Mit der subjektiven Informationsmenge aus Optionen und Implikationen geht der Akteur in deren Bewertung über (ebd.: 121f.). Hier werden die Informationen den individuellen Präferenzen zugeordnet, die nach Beckers Grundannahme stabil und somit handlungsleitend sind (1982: 4). So weist der Täter zum Beispiel eine individuelle Risikopräferenz auf, anhand derer er die Verurteilungswahrscheinlichkeit als höher oder geringer bewertet (ebd.: 49 - 51). Becker fügt hierbei an, dass die Wahrscheinlichkeit der Verurteilung einen höheren Abschreckungswert für den Täter hat, als die Härte der Sanktion (ebd.: 50).

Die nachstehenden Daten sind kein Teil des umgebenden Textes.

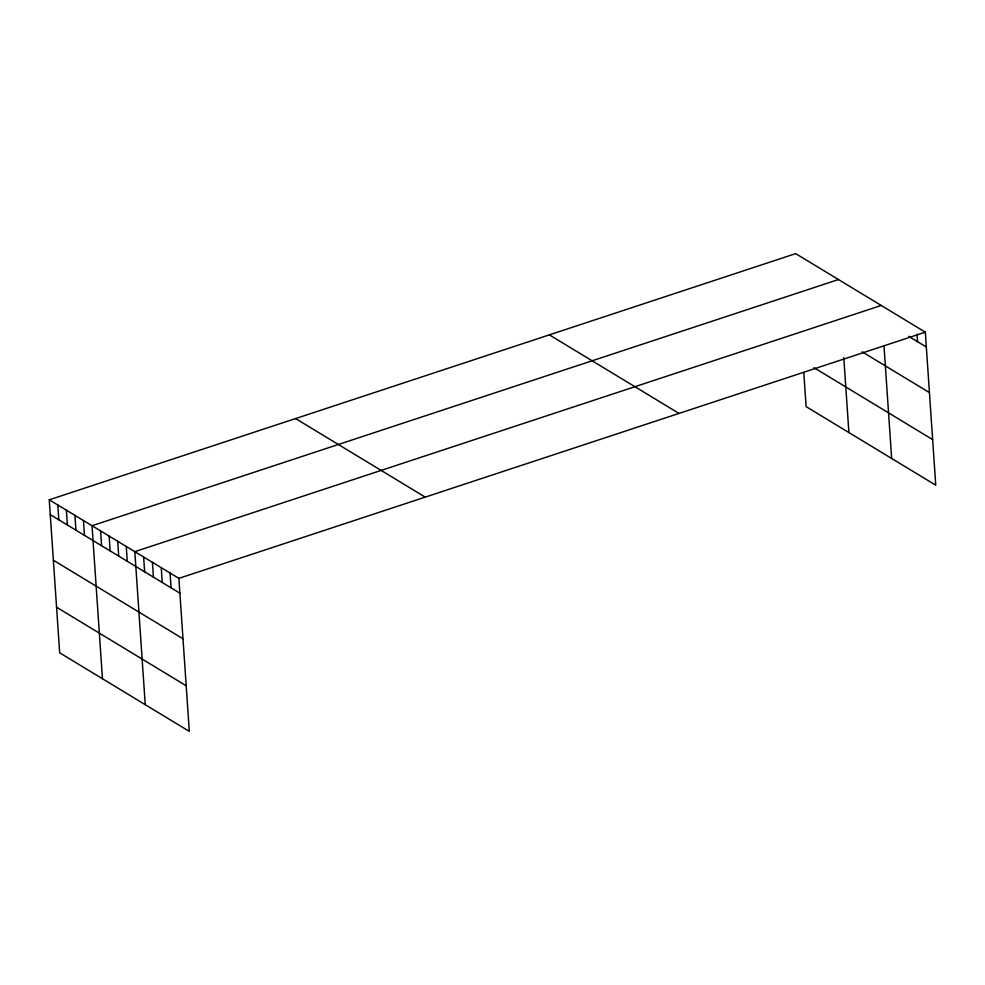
<?xml version="1.0" encoding="UTF-8"?>
<svg xmlns="http://www.w3.org/2000/svg" width="985" height="985" viewBox="0 0 985 985"><rect width="100%" height="100%" fill="white"/><g stroke="black" fill="none" stroke-linecap="round" stroke-linejoin="round"><path stroke-width="1.48" d="M49.25 499.814L178.876 578.367L189.305 731.375L59.679 652.821L49.25 499.814L795.695 253.625L925.321 332.179L935.75 485.186L806.124 406.633L803.785 372.428M838.469 279.543L92.024 525.731L102.465 678.751M881.243 305.461L134.81 551.662L145.238 704.669M178.876 578.367L925.321 332.179M908.699 336.304L926.331 346.991M862.146 351.817L929.434 392.596M814.016 367.7L932.635 439.581M549.359 334.863L678.997 413.417M295.574 418.563L425.2 497.117M50.26 514.626L179.886 593.179M53.375 560.231L183.001 638.785M56.576 607.216L186.202 685.769M917.01 334.235L917.515 341.647M884.001 345.932L891.671 458.481M843.788 357.58L848.898 432.563M170.06 573.024L171.07 587.836M161.245 567.68L162.254 582.492M152.429 562.337L153.438 577.148M143.625 556.993L144.635 571.817M126.252 546.478L127.262 561.29M117.695 541.282L118.705 556.106M109.138 536.099L110.148 550.923M100.581 530.915L101.59 545.727M83.466 520.548L84.476 535.36M74.922 515.364L75.931 530.176M66.364 510.181L67.374 524.993M57.807 504.997L58.817 519.809"/></g></svg>
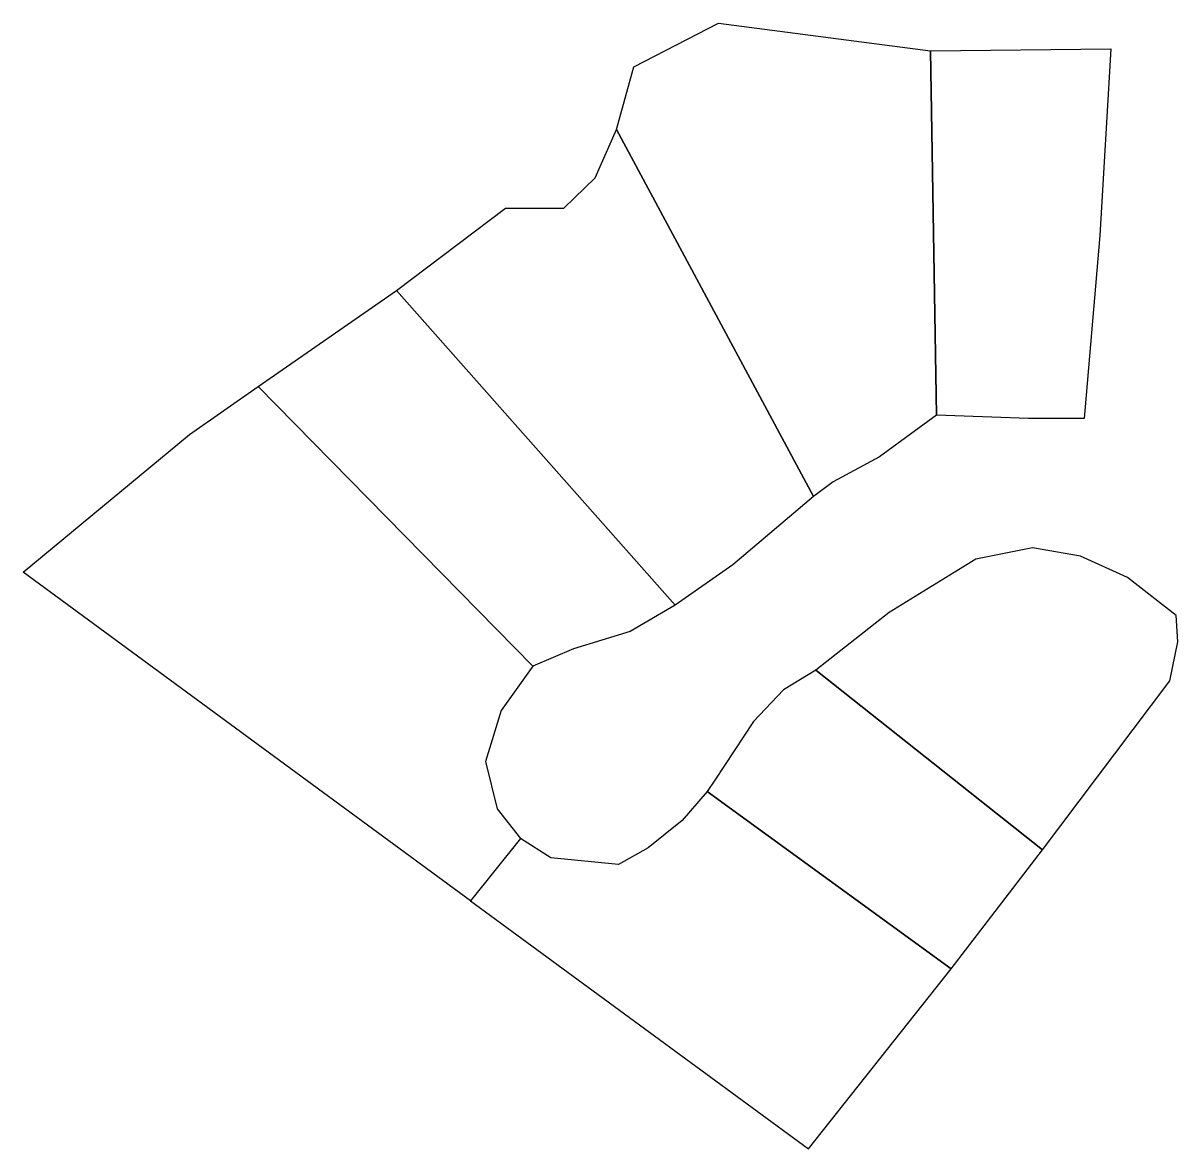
# Model space of a CAD drawing. Header units: inches. Extents: x 6369288 to 6369735, y 1875514 to 1875949.
import ezdxf

# ---------------------------------------------------------------- set-up
doc = ezdxf.new("R2010")
doc.units = ezdxf.units.IN
doc.header["$MEASUREMENT"] = 0
doc.layers.get('0').update_dxf_attribs({"color": 50})

msp = doc.modelspace()

# ---------------------------------------------------------------- linework, layer by layer
for points in [[(6369517.7, 1875908.15), (6369524.41, 1875932.32), (6369557.21, 1875949.3), (6369639.27, 1875938.51), (6369641.48, 1875797.52), (6369619.44, 1875781.38), (6369601.53, 1875771.71), (6369593.99, 1875766.07)], [(6369639.27, 1875938.51), (6369709, 1875939.31), (6369704.79, 1875867.16), (6369698.62, 1875796.26), (6369677.16, 1875796.26), (6369641.48, 1875797.52)], [(6369432.64, 1875845.87), (6369474.77, 1875877.64), (6369497.44, 1875877.64), (6369509.54, 1875889.42), (6369517.7, 1875908.15), (6369593.99, 1875766.07), (6369562.77, 1875739.71), (6369540.45, 1875724.04)], [(6369379.19, 1875808.64), (6369432.64, 1875845.87), (6369540.45, 1875724.04), (6369523.01, 1875713.84), (6369501.11, 1875707.16), (6369485.33, 1875700.41)], [(6369461.24, 1875609.67), (6369288.2, 1875736.81), (6369352.59, 1875790.11), (6369379.19, 1875808.64), (6369485.33, 1875700.41), (6369473.08, 1875683.33), (6369467.05, 1875663.55), (6369471.64, 1875645.2), (6369480.62, 1875633.79)], [(6369682.49, 1875629.3), (6369731.76, 1875694.82), (6369734.93, 1875709.88), (6369734.27, 1875719.98), (6369715.39, 1875734.7), (6369697.21, 1875742.95), (6369678.7, 1875746.26), (6369656.72, 1875741.8), (6369623.27, 1875721.18), (6369594.83, 1875698.87), (6369682.49, 1875629.3)], [(6369682.49, 1875629.3), (6369594.83, 1875698.87), (6369582.33, 1875691.3), (6369570.71, 1875679.02), (6369555.73, 1875656.31), (6369552.81, 1875651.9), (6369647.18, 1875583.33), (6369682.49, 1875629.3)], [(6369552.81, 1875651.9), (6369543.16, 1875640.69), (6369529.99, 1875630.16), (6369518.47, 1875623.69), (6369492.38, 1875626.25), (6369480.62, 1875633.79), (6369461.24, 1875609.67), (6369591.97, 1875513.62), (6369647.18, 1875583.33)]]:
    msp.add_lwpolyline(points, close=True)

doc.saveas('drawing.dxf')

Anhand der Verurteilungswahrscheinlichkeit auf Basis der Informationen, deren Bewertung durch die individuelle Risikopräferenz, sowie dem zu erwartenden Nutzen, wählt der Akteur schließlich jene Alternative, die ihm den maximalen Nutzen verspricht.

Hier befindet sich das Individuum schließlich in jener Phase, in der das Entscheidungsproblem gelöst wird. Alle Variablen wurden gesammelt und gegeneinander abgewägt, so dass sich schließlich eine Option herauskristallisiert. Dies ist nach dem rationalen Prinzip, die Variante mit dem maximalen Nutzen, unabhängig davon ob sie legal oder illegal ist.

„ [Eine] Person [begeht] eine Straftat [...], wenn der für sie erwartete Nutzen gr öß er ist als der Nutzen, den sie realisieren könnte, wenn die ihre Zeit und sonstigen Ressourcen für andere Aktivitäten einsetzen würde. “ (Becker 1982: 47f.)

In der weiteren Explikation bedeutet dies, dass, wenn eine illegale Möglichkeit für ein Individuum prinzipiell keine akzeptable Methode darstellt, dann nur weil die Risikopräferenz gegen Null geht und die Präferenz für konformes Verhalten dementsprechend stärker ausgeprägt ist.

Becker weist zusätzlich darauf hin, dass der stark untergliederte und aufeinander aufbauende Entscheidungsweg, wie er hier dargestellt wurde, nicht bedeutet, „ da ß die Entscheidungsträger sich notwendigerweise ihrer Maximierungsbemühungen bewu ß t sind, oder da ß sie in informativer Weise Gründe für die systematischen Muster in ihrem Verhalten verbalisieren oder sonst wie beschreiben können “ (Becker 1982: 6).

Vor dem Hintergrund, dass diese Prozesse vom Akteur nicht notwendigerweise reflektiert werden, wird im Folgenden Beckers Ansatz auf den Forschungsgegenstand zugespitzt.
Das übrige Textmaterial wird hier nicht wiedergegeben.